--- Information provided ---

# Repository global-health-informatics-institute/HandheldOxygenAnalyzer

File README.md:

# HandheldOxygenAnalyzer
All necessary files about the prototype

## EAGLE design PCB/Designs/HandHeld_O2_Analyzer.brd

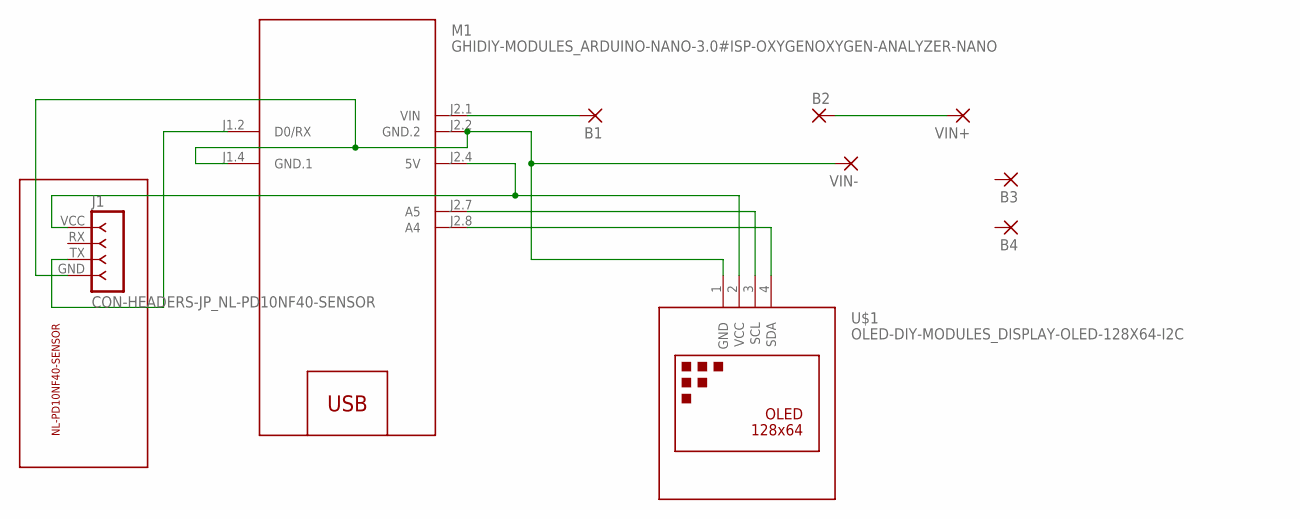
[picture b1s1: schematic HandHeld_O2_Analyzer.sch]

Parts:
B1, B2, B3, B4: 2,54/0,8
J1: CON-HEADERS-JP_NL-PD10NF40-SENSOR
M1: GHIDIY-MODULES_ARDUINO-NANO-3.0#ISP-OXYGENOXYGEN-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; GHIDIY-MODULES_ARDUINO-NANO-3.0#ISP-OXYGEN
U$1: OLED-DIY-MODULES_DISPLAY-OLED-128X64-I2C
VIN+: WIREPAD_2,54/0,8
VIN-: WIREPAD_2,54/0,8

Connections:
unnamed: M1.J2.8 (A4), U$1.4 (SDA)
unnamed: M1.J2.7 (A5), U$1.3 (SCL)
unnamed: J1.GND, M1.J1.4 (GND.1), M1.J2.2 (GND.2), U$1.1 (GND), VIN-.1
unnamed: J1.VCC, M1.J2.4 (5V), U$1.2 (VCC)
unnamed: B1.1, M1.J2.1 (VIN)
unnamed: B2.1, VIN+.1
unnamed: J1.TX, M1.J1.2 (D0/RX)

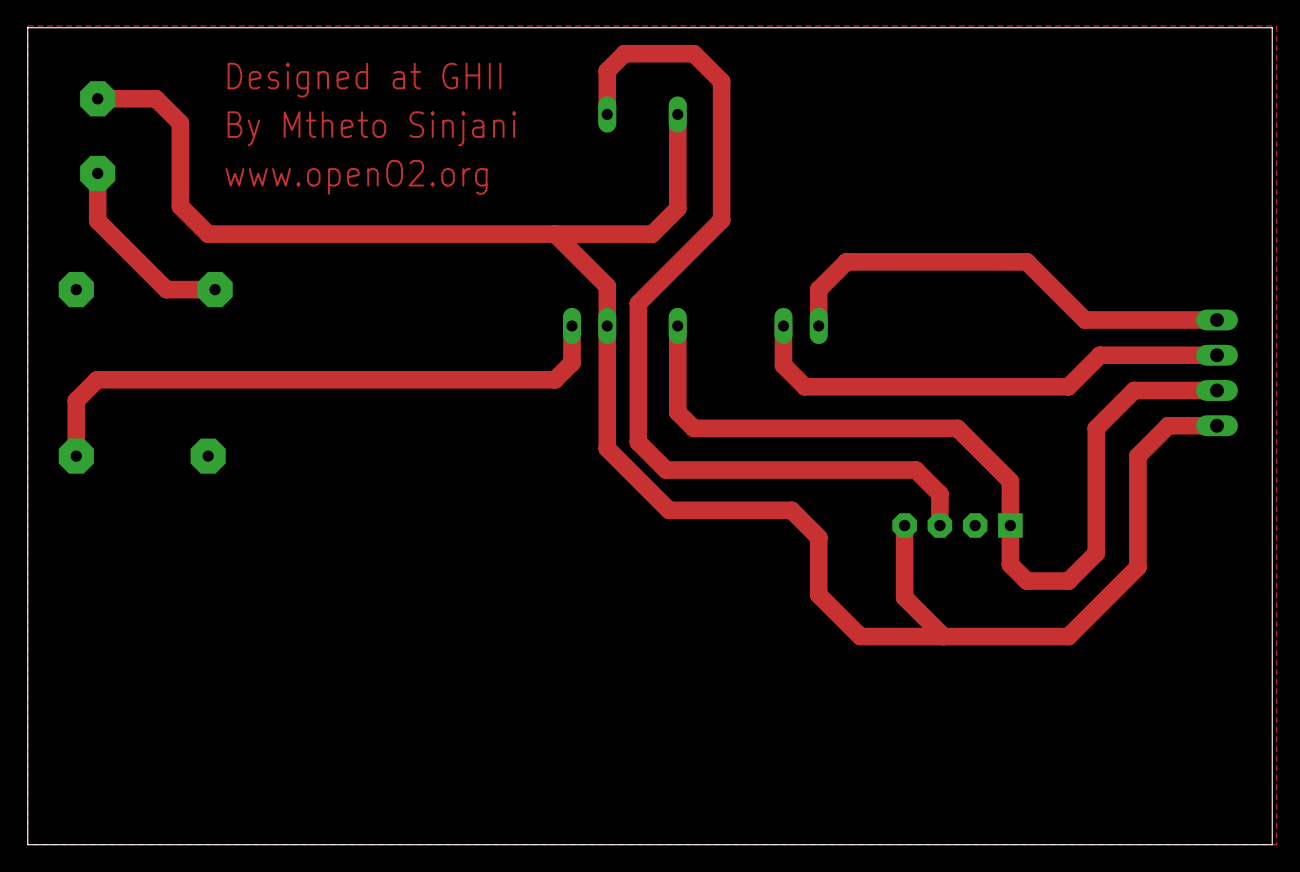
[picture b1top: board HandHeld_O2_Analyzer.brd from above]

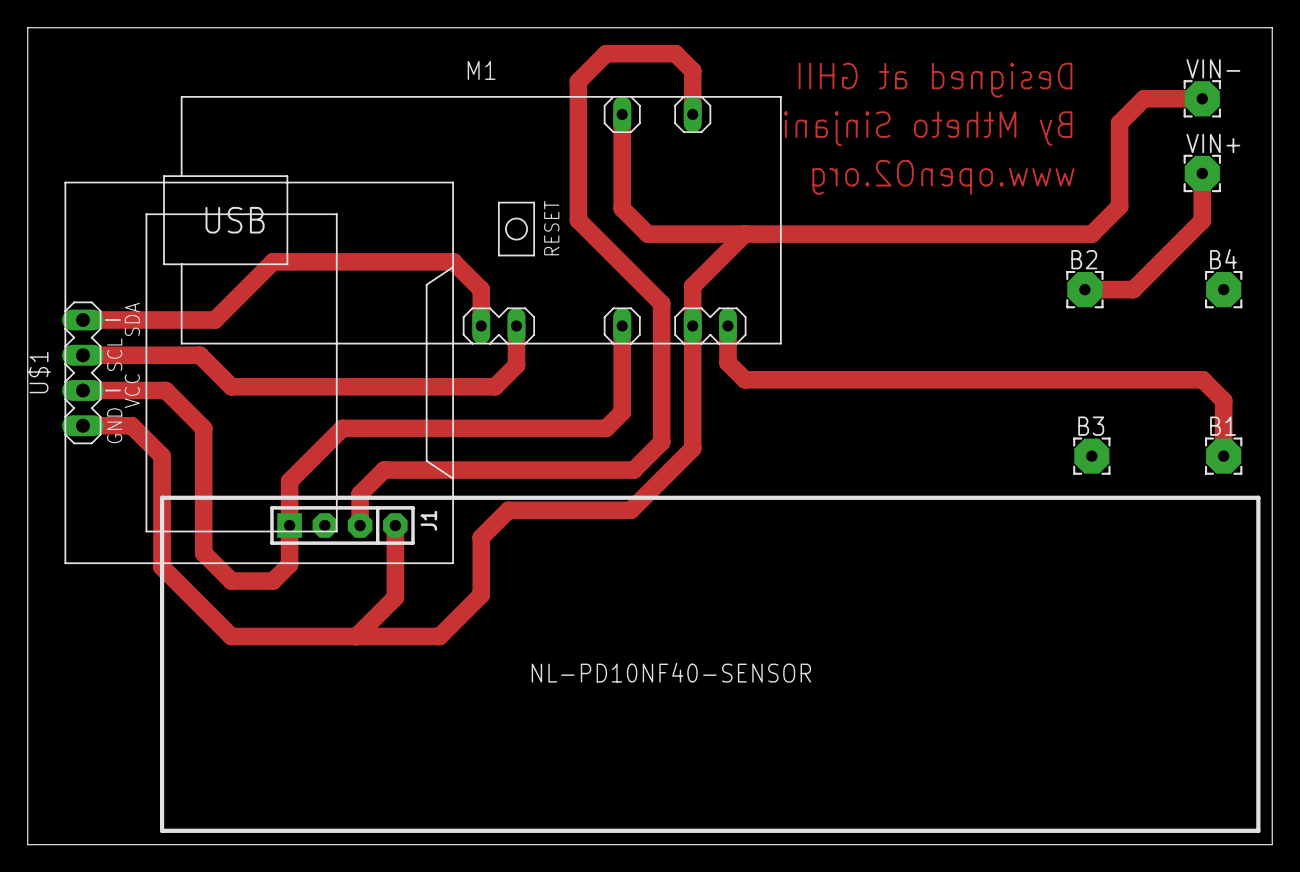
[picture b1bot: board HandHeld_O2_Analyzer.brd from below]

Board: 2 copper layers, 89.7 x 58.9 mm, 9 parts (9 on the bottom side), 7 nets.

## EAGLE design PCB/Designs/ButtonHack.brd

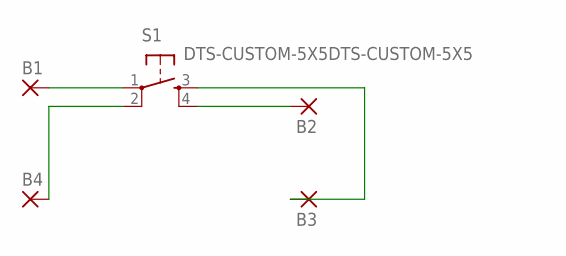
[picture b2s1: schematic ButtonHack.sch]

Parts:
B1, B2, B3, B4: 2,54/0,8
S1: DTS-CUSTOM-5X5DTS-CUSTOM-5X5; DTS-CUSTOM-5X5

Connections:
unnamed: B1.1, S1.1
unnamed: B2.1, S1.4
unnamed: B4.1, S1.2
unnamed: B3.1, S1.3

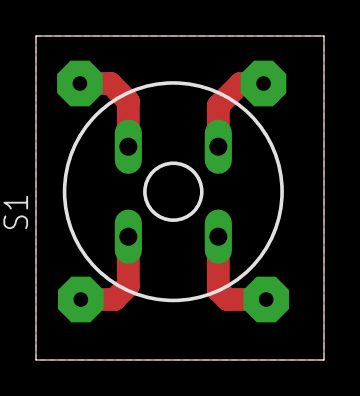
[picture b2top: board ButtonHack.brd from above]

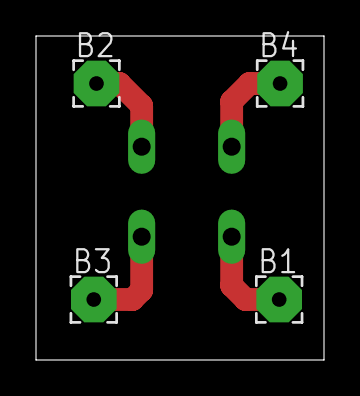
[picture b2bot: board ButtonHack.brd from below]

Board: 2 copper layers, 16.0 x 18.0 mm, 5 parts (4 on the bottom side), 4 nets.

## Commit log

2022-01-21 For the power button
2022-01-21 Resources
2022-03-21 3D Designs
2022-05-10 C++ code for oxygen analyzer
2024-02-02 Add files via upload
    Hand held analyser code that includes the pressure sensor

---

### Prompt
Report each line above that includes the string "schematic".

### Result below
[picture b1s1: schematic HandHeld_O2_Analyzer.sch]
[picture b2s1: schematic ButtonHack.sch]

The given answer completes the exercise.